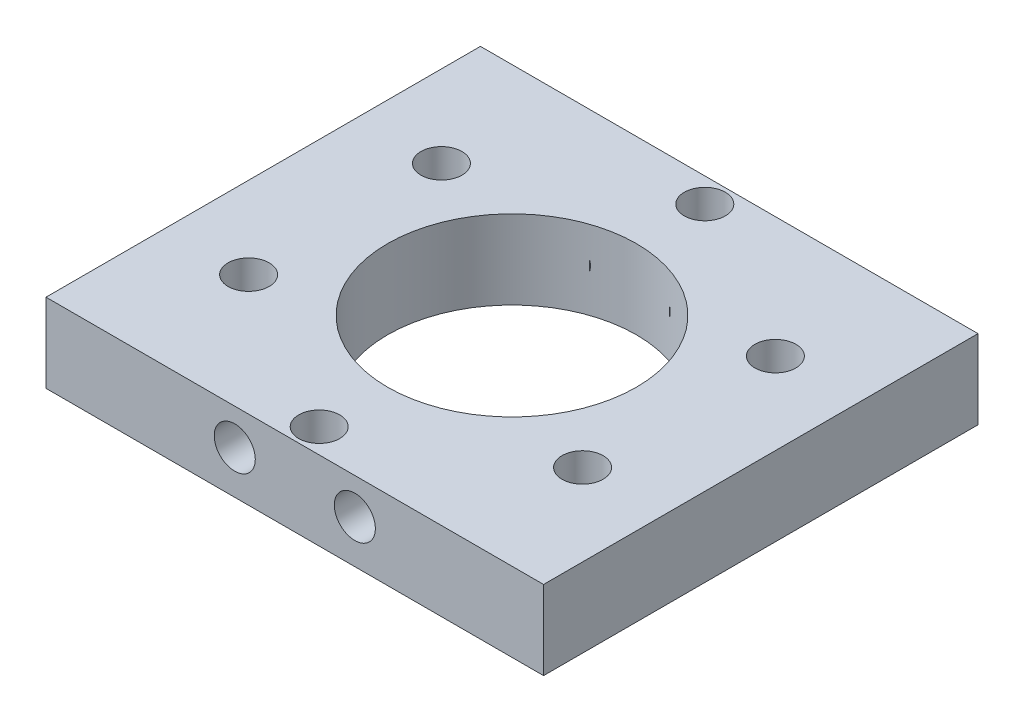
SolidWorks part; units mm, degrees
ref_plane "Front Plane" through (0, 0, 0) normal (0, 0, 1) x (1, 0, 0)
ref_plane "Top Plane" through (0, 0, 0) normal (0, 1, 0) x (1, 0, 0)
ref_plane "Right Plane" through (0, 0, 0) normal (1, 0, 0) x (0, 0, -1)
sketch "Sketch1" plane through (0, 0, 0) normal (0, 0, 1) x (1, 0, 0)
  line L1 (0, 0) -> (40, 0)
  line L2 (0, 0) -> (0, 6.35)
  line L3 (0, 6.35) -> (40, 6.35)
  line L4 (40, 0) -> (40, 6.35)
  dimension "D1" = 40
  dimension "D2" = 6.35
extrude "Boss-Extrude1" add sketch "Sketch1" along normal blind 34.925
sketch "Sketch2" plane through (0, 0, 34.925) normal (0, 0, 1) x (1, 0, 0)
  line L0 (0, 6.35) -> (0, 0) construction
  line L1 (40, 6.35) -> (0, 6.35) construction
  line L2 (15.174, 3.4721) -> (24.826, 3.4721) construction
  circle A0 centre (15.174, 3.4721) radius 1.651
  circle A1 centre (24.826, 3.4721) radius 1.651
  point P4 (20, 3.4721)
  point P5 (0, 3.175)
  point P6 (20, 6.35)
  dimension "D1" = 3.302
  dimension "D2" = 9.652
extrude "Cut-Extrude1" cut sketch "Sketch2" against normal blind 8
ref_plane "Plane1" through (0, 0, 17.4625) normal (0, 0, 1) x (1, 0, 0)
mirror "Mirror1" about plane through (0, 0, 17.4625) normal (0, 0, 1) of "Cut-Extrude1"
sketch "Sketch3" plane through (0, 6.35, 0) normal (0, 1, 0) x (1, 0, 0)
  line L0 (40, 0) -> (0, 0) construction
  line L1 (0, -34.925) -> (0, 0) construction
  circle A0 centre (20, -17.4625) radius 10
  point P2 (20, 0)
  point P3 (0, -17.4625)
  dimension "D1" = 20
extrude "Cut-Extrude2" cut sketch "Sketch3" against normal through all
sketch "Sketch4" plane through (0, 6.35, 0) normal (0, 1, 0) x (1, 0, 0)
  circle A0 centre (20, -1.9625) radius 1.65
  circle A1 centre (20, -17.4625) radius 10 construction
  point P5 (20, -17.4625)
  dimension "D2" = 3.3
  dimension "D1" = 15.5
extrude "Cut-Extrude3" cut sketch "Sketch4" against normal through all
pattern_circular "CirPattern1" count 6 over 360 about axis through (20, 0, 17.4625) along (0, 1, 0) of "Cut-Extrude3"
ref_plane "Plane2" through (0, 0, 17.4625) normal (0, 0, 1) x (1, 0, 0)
※
> **WHAT IS EXPECTED**: In how many lines above does the word "point" appear? Answer with only the number.

> **RESULT**: 6